SIMULATION & SIMULACRA

In relation to critical/cultural theory, simulation is the process whereby representations of things come to replace the things being represented. In other words, we think that the representations are more important than the "real". So what does that mean? Well, one way to think about it is in terms of the famous "map" story told by Jorge Luis Borges. In this story the cartographers of an imaginary Empire "draw up a map so detailed that it ends up covering exactly covering the territory" so that the real territory underneath the map is obscured.

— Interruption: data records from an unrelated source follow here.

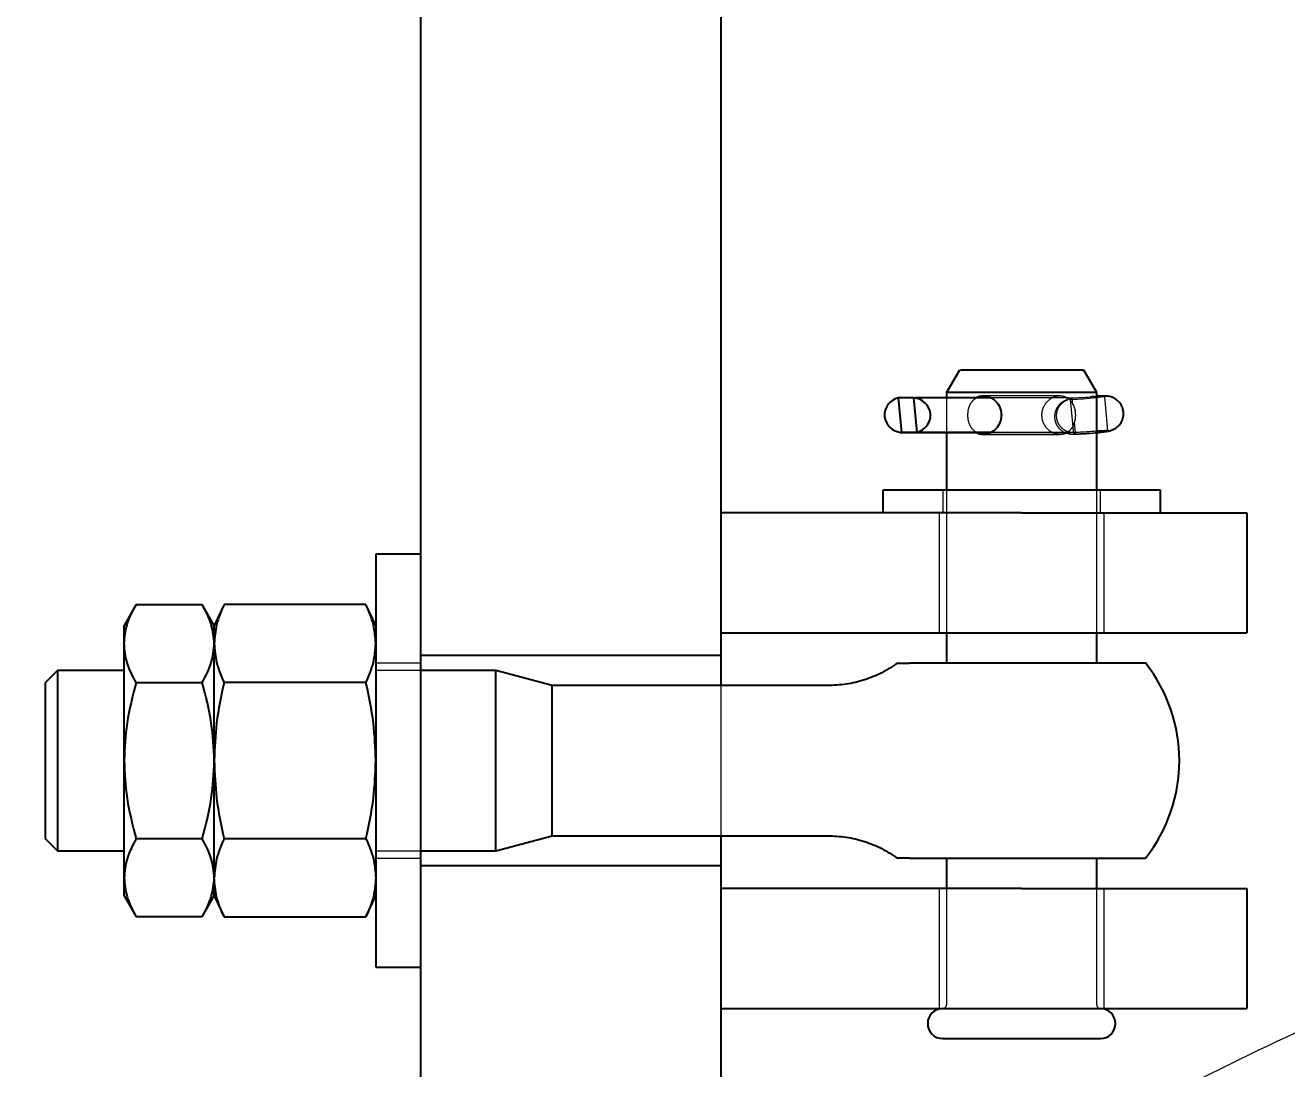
# Model space of a CAD drawing. Header units: millimetres. Extents: x 861 to 27901, y 673 to 17923.
# Drawn here: x 10587.5 to 10720.7, y 6125.5 to 6235.6 of the extents above; entities that cross this region are included whole.
import ezdxf

# ---------------------------------------------------------------- set-up
doc = ezdxf.new("R2010")
doc.units = ezdxf.units.MM
doc.header["$LTSCALE"] = 33.3
doc.linetypes.add('HIDDEN', pattern=[1.905, 1.27, -0.635])
doc.layers.add('CAPA_1', color=7, linetype='Continuous')
doc.styles.add('SLDTEXTSTYLE0', font='TXT', dxfattribs={"width": 0.75})
doc.dimstyles.new('SLDDIMSTYLE0', dxfattribs={"dimtxt": 66.6, "dimasz": 66.6, "dimexe": 0, "dimexo": 0.0625, "dimgap": 16.65, "dimtad": 2, "dimdec": 0, "dimlfac": 1.261261, "dimrnd": 1e-09, "dimzin": 12, "dimdsep": 46, "dimtxsty": 'SLDTEXTSTYLE0', "dimsah": 1, "dimcen": 0.09, "dimadec": 0, "dimazin": 3, "dimtfac": 1, "dimtdec": 0, "dimtofl": 0, "dimtmove": 0, "dimatfit": 3, "dimfxl": 1, "dimfrac": 2, "dimtolj": 1, "dimtzin": 12, "dimarcsym": 0})

# ---------------------------------------------------------------- blocks, each defined once
blk = doc.blocks.new('_D_13')
at = {"layer": 'CAPA_1', "transparency": 16777216}
for p, q in [((9823.17, 6912.25), (14695.32, 6912.25)), ((14662.02, 6912.25), (14662.02, 5357.98)), ((14240.18, 5357.98), (14695.32, 5357.98))]:
    blk.add_line(p, q, dxfattribs=at)
for points in [[(14662.02, 6912.25), (14651.77, 6845.65), (14672.27, 6845.65)], [(14662.02, 5357.98), (14672.27, 5424.58), (14651.77, 5424.58)]]:
    blk.add_solid(points, dxfattribs=at)
at = {"layer": 'CAPA_1', "transparency": 16777216, "insert": (14576.17, 6036.69), "char_height": 66.6, "attachment_point": 1, "rotation": 90, "style": 'SLDTEXTSTYLE0'}
blk.add_mtext('1960', dxfattribs=at)
blk = doc.blocks.new('_D_14')
at = {"layer": 'CAPA_1', "transparency": 16777216}
for p, q in [((9780.88, 6954.54), (9780.88, 7862.55)), ((10855.14, 5883.49), (10855.14, 7862.55)), ((9780.88, 7829.25), (10855.14, 7829.25))]:
    blk.add_line(p, q, dxfattribs=at)
for points in [[(9780.88, 7829.25), (9847.48, 7819.01), (9847.48, 7839.5)], [(10855.14, 7829.25), (10788.54, 7839.5), (10788.54, 7819.01)]]:
    blk.add_solid(points, dxfattribs=at)
at = {"layer": 'CAPA_1', "transparency": 16777216, "insert": (10219.59, 7915.1), "char_height": 66.6, "attachment_point": 1, "style": 'SLDTEXTSTYLE0'}
blk.add_mtext('1355', dxfattribs=at)

msp = doc.modelspace()

# ---------------------------------------------------------------- linework, layer by layer
at = {"color": 7, "linetype": 'Continuous', "lineweight": 25}
for p, q in [((10629.24, 6169.12), (10629.24, 6622.63)), ((10660.95, 6169.12), (10660.95, 6622.63)), ((10686.11, 6199.25), (10684.74, 6196.87)), ((10700.6, 6196.87), (10699.22, 6199.25)), ((10681.27, 6196.3), (10679.65, 6196.3)), ((10679.65, 6196.3), (10679.97, 6192.67)), ((10681.27, 6196.3), (10681.59, 6192.67)), ((10689.42, 6196.31), (10681.43, 6196.31)), ((10684.74, 6196.87), (10684.74, 6196.31)), ((10700.6, 6186.56), (10700.6, 6196.87)), ((10679.81, 6192.66), (10689.42, 6192.66)), ((10689.44, 6192.67), (10679.97, 6192.67)), ((10684.74, 6192.66), (10684.74, 6186.56)), ((10678, 6186.56), (10678, 6184.18)), ((10707.34, 6186.56), (10678, 6186.56)), ((10707.34, 6184.18), (10707.34, 6186.56)), ((10692.67, 6184.18), (10660.95, 6184.18)), ((10716.45, 6184.18), (10716.45, 6171.5)), ((10629.24, 6179.82), (10624.48, 6179.82)), ((10599.2, 6174.5), (10597.92, 6172.29)), ((10599.2, 6174.5), (10606.16, 6174.5)), ((10607.44, 6172.29), (10606.16, 6174.5)), ((10608.47, 6174.5), (10607.44, 6172.29)), ((10623.45, 6174.5), (10608.47, 6174.5)), ((10624.48, 6172.29), (10623.45, 6174.5)), ((10660.95, 6171.5), (10692.67, 6171.5)), ((10684.74, 6171.5), (10684.74, 6168.32)), ((10700.6, 6168.32), (10700.6, 6171.5)), ((10660.95, 6169.12), (10629.24, 6169.12)), ((10590.89, 6167.53), (10589.6, 6166.24)), ((10597.92, 6167.53), (10590.89, 6167.53)), ((10637.17, 6167.53), (10629.24, 6167.53)), ((10643.12, 6165.94), (10637.17, 6167.53)), ((10589.6, 6166.24), (10589.6, 6149.79)), ((10599.2, 6166.26), (10606.16, 6166.26)), ((10623.45, 6166.26), (10608.47, 6166.26)), ((10672.19, 6165.94), (10643.12, 6165.94)), ((10643.12, 6150.1), (10643.12, 6165.94)), ((10589.6, 6149.79), (10590.89, 6148.5)), ((10606.16, 6149.78), (10599.2, 6149.78)), ((10623.45, 6149.78), (10608.47, 6149.78)), ((10637.17, 6148.5), (10643.12, 6150.1)), ((10643.12, 6150.1), (10672.19, 6150.1)), ((10590.89, 6148.5), (10597.92, 6148.5)), ((10629.24, 6148.5), (10637.17, 6148.5)), ((10684.74, 6147.71), (10684.74, 6144.54)), ((10700.6, 6144.54), (10700.6, 6147.71)), ((10660.95, 6146.92), (10629.24, 6146.92)), ((10629.24, 6043.05), (10629.24, 6146.92)), ((10660.95, 6043.05), (10660.95, 6146.92)), ((10597.92, 6143.75), (10599.2, 6141.53)), ((10606.16, 6141.53), (10607.44, 6143.75)), ((10607.44, 6143.75), (10608.47, 6141.53)), ((10623.45, 6141.53), (10624.48, 6143.75)), ((10692.67, 6144.54), (10660.95, 6144.54)), ((10716.45, 6144.54), (10716.45, 6131.85)), ((10606.16, 6141.54), (10599.2, 6141.54)), ((10608.47, 6141.54), (10623.45, 6141.54)), ((10624.48, 6136.21), (10629.24, 6136.21)), ((10660.95, 6131.85), (10692.67, 6131.85))]:
    msp.add_line(p, q, dxfattribs=at)
at = {"color": 1, "linetype": 'HIDDEN', "lineweight": 18}
for p, q in [((10697.44, 6196.3), (10681.27, 6196.3)), ((10684.74, 6196.31), (10684.74, 6192.66)), ((10696.71, 6196.54), (10688.63, 6196.54)), ((10697.6, 6196.31), (10689.42, 6196.31)), ((10697.81, 6196.14), (10698.13, 6192.51)), ((10698.08, 6195.56), (10698.02, 6196.24)), ((10701.76, 6192.83), (10701.44, 6196.46)), ((10703.41, 6194.67), (10703.37, 6195)), ((10698.34, 6192.62), (10698.24, 6193.76)), ((10688.63, 6192.43), (10696.71, 6192.43)), ((10689.42, 6192.66), (10697.6, 6192.66)), ((10697.76, 6192.67), (10689.44, 6192.67)), ((10699.83, 6192.57), (10700.15, 6192.6)), ((10700.36, 6192.8), (10700.6, 6192.82)), ((10684.34, 6186.56), (10684.34, 6184.18)), ((10684.74, 6186.56), (10684.74, 6171.5)), ((10700.6, 6171.5), (10700.6, 6186.56)), ((10700.99, 6184.18), (10700.99, 6186.56)), ((10683.95, 6184.18), (10683.95, 6171.5)), ((10701.39, 6171.5), (10701.39, 6184.18)), ((10629.24, 6168.32), (10624.48, 6168.32)), ((10629.24, 6167.53), (10624.48, 6167.53)), ((10624.48, 6148.5), (10629.24, 6148.5)), ((10624.48, 6147.71), (10629.24, 6147.71)), ((10683.95, 6144.54), (10683.95, 6131.85)), ((10684.74, 6144.54), (10684.74, 6132.25)), ((10700.6, 6132.25), (10700.6, 6144.54)), ((10701.39, 6131.85), (10701.39, 6144.54))]:
    msp.add_line(p, q, dxfattribs=at)
at = {"color": 1, "linetype": 'HIDDEN', "lineweight": 18, "flags": 128}
for points in [[(10700.04, 6196.43), (10700.69, 6196.47), (10701.18, 6196.49), (10701.42, 6196.47), (10701.39, 6196.43), (10701.09, 6196.37), (10700.56, 6196.3), (10699.88, 6196.23), (10699.17, 6196.17), (10698.53, 6196.13), (10698.06, 6196.12), (10697.83, 6196.13), (10697.88, 6196.17)], [(10698.2, 6192.55), (10698.28, 6192.57), (10698.33, 6192.6), (10698.34, 6192.62), (10698.3, 6192.64), (10698.23, 6192.66), (10698.11, 6192.67), (10697.96, 6192.67), (10697.76, 6192.67)], [(10700.6, 6192.64), (10700.2, 6192.6), (10699.49, 6192.54), (10698.85, 6192.5), (10698.37, 6192.49), (10698.15, 6192.5), (10698.2, 6192.55)]]:
    msp.add_lwpolyline(points, dxfattribs=at)
at = {"color": 7, "linetype": 'Continuous', "lineweight": 25, "flags": 128}
msp.add_lwpolyline([(10700.6, 6192.82), (10701.01, 6192.84), (10701.5, 6192.86), (10701.74, 6192.85), (10701.71, 6192.81), (10701.41, 6192.75), (10700.88, 6192.67), (10700.6, 6192.64)], dxfattribs=at)
at = {"color": 7, "linetype": 'Continuous', "lineweight": 25}
for centre, radius, start, end in [((10680.03, 6194.51), 1.83, 101.8238, 268.2363), ((10681.21, 6194.47), 1.83, 281.8238, 88.2363), ((10692.67, 6158.02), 16.65, 321.7576, 38.2553), ((10684.34, 6130.27), 1.59, 90, 270), ((10700.99, 6130.27), 1.59, 270, 90)]:
    msp.add_arc(centre, radius, start, end, dxfattribs=at)
at = {"color": 1, "linetype": 'HIDDEN', "lineweight": 18}
for centre, radius, start, end in [((10696.82, 6235.05), 38.76, 270.9183, 274.7586), ((10697.87, 6196.37), 0.192, 270.7802, 320.7652), ((10697.14, 6231.43), 38.76, 270.9183, 274.7586), ((10684.34, 6132.25), 0.396, 270, 0), ((10700.99, 6132.25), 0.396, 180, 270)]:
    msp.add_arc(centre, radius, start, end, dxfattribs=at)
at = {"color": 7, "linetype": 'Continuous', "lineweight": 25}
for points, knots in [([(10689.33, 6199.25), (10688.65, 6199.25), (10687.29, 6199.25), (10686.21, 6199.25), (10686.22, 6199.25), (10686.23, 6199.25)], [0, 0, 0, 0, 0.379065, 0.758131, 1, 1, 1, 1]), ([(10699.11, 6199.25), (10699.14, 6199.25), (10699.25, 6199.25), (10698.41, 6199.25), (10696.71, 6199.25), (10694.34, 6199.25), (10691.69, 6199.25), (10690.11, 6199.25), (10689.33, 6199.25)], [0, 0, 0, 0, 0.0675, 0.254, 0.4405, 0.627, 0.8135, 1, 1, 1, 1]), ([(10688.63, 6196.87), (10688.19, 6196.87), (10687.33, 6196.87), (10686.29, 6196.87), (10685.47, 6196.87), (10684.95, 6196.87), (10684.72, 6196.87), (10684.76, 6196.87), (10684.77, 6196.87)], [0, 0, 0, 0, 0.189602, 0.379204, 0.568806, 0.758408, 0.94801, 1, 1, 1, 1]), ([(10687.87, 6196.3), (10687.9, 6196.33), (10688.02, 6196.44), (10688.29, 6196.51), (10688.51, 6196.53), (10688.63, 6196.54)], [0, 0, 0, 0, 0.155889, 0.584011, 1, 1, 1, 1]), ([(10700.57, 6196.87), (10700.56, 6196.87), (10700.56, 6196.87), (10700.19, 6196.87), (10699.53, 6196.87), (10698.61, 6196.87), (10697.45, 6196.87), (10696.12, 6196.87), (10694.65, 6196.87), (10693.1, 6196.87), (10691.54, 6196.87), (10690.01, 6196.87), (10689.09, 6196.87), (10688.63, 6196.87)], [0, 0, 0, 0, 0.067668, 0.160901, 0.254134, 0.347368, 0.440601, 0.533834, 0.627067, 0.7203, 0.813534, 0.906767, 1, 1, 1, 1]), ([(10688.63, 6196.54), (10688.74, 6196.53), (10688.97, 6196.52), (10689.44, 6196.36), (10689.98, 6195.98), (10690.35, 6195.41), (10690.5, 6194.89), (10690.54, 6194.49), (10690.5, 6194.09), (10690.35, 6193.57), (10689.98, 6193), (10689.44, 6192.62), (10688.97, 6192.46), (10688.74, 6192.44), (10688.63, 6192.43)], [0, 0, 0, 0, 0.061711, 0.125222, 0.250004, 0.374789, 0.438295, 0.5, 0.561705, 0.625211, 0.749996, 0.874778, 0.938289, 1, 1, 1, 1]), ([(10700.6, 6192.64), (10700.63, 6192.64), (10700.9, 6192.67), (10701.35, 6192.73), (10701.77, 6192.8), (10702.1, 6192.87), (10702.47, 6193.02), (10702.85, 6193.28), (10703.2, 6193.69), (10703.41, 6194.25), (10703.45, 6194.85), (10703.29, 6195.42), (10702.98, 6195.88), (10702.63, 6196.18), (10702.29, 6196.36), (10701.98, 6196.45), (10701.75, 6196.48), (10701.52, 6196.5), (10701.21, 6196.5), (10700.89, 6196.49), (10700.63, 6196.47), (10700.6, 6196.47)], [0, 0, 0, 0, 0.012432, 0.093838, 0.180041, 0.236414, 0.277272, 0.322234, 0.393068, 0.460231, 0.520656, 0.594826, 0.655489, 0.706684, 0.750699, 0.787818, 0.817482, 0.848, 0.907088, 0.987659, 1, 1, 1, 1]), ([(10688.63, 6192.43), (10688.51, 6192.44), (10688.29, 6192.46), (10688.02, 6192.53), (10687.91, 6192.64), (10687.88, 6192.66)], [0, 0, 0, 0, 0.423581, 0.859516, 1, 1, 1, 1]), ([(10597.92, 6170.38), (10597.98, 6171.04), (10598.11, 6172.44), (10598.82, 6173.79), (10599.2, 6174.5)], [0, 0, 0, 0, 0.476313, 1, 1, 1, 1]), ([(10607.44, 6170.38), (10607.38, 6171.04), (10607.25, 6172.44), (10606.54, 6173.79), (10606.16, 6174.5)], [0, 0, 0, 0, 0.476313, 1, 1, 1, 1]), ([(10608.47, 6174.5), (10608.16, 6173.79), (10607.58, 6172.43), (10607.48, 6171.04), (10607.44, 6170.38)], [0, 0, 0, 0, 0.521843, 1, 1, 1, 1]), ([(10624.48, 6170.38), (10624.44, 6171.04), (10624.34, 6172.43), (10623.76, 6173.79), (10623.45, 6174.5)], [0, 0, 0, 0, 0.478157, 1, 1, 1, 1]), ([(10599.2, 6166.26), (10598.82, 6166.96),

The people of this Empire come to relate more closely to this map than they do to the original territory underneath (they live, work, and play on it, etc.) When, eventually, the map becomes tattered and frayed, and ultimately disintegrates, the people become nostalgic for it, feeling that they have lost something. The real territory which is now revealed to them seems alien, unfamiliar.

The story might sound hokey, but it does have some relevance when applied to pomo theory and the nature of reality. Someone like Baudrillard, for example, would argue that we, as a society, have lost touch with reality. Instead, we're hooked into a simulation of reality, made up of television, the Internet, etc. This new "reality" supplants the real thing. It's like the Borges map -- we feel comfortable in our new simulated world, and feel a little unsettled if we stray away from it from too long, e.g., if we go on an extended camping trip. (Think about the last time you were completely cut off from all media, including the Web and e-mail -- how long was it before you started to get withdrawal symptoms?) Remember, this simulation is not really a fake, a mere copy of something real. It is another reality, that has a power and a meaning that is, if anything, greater than that of the "real" real.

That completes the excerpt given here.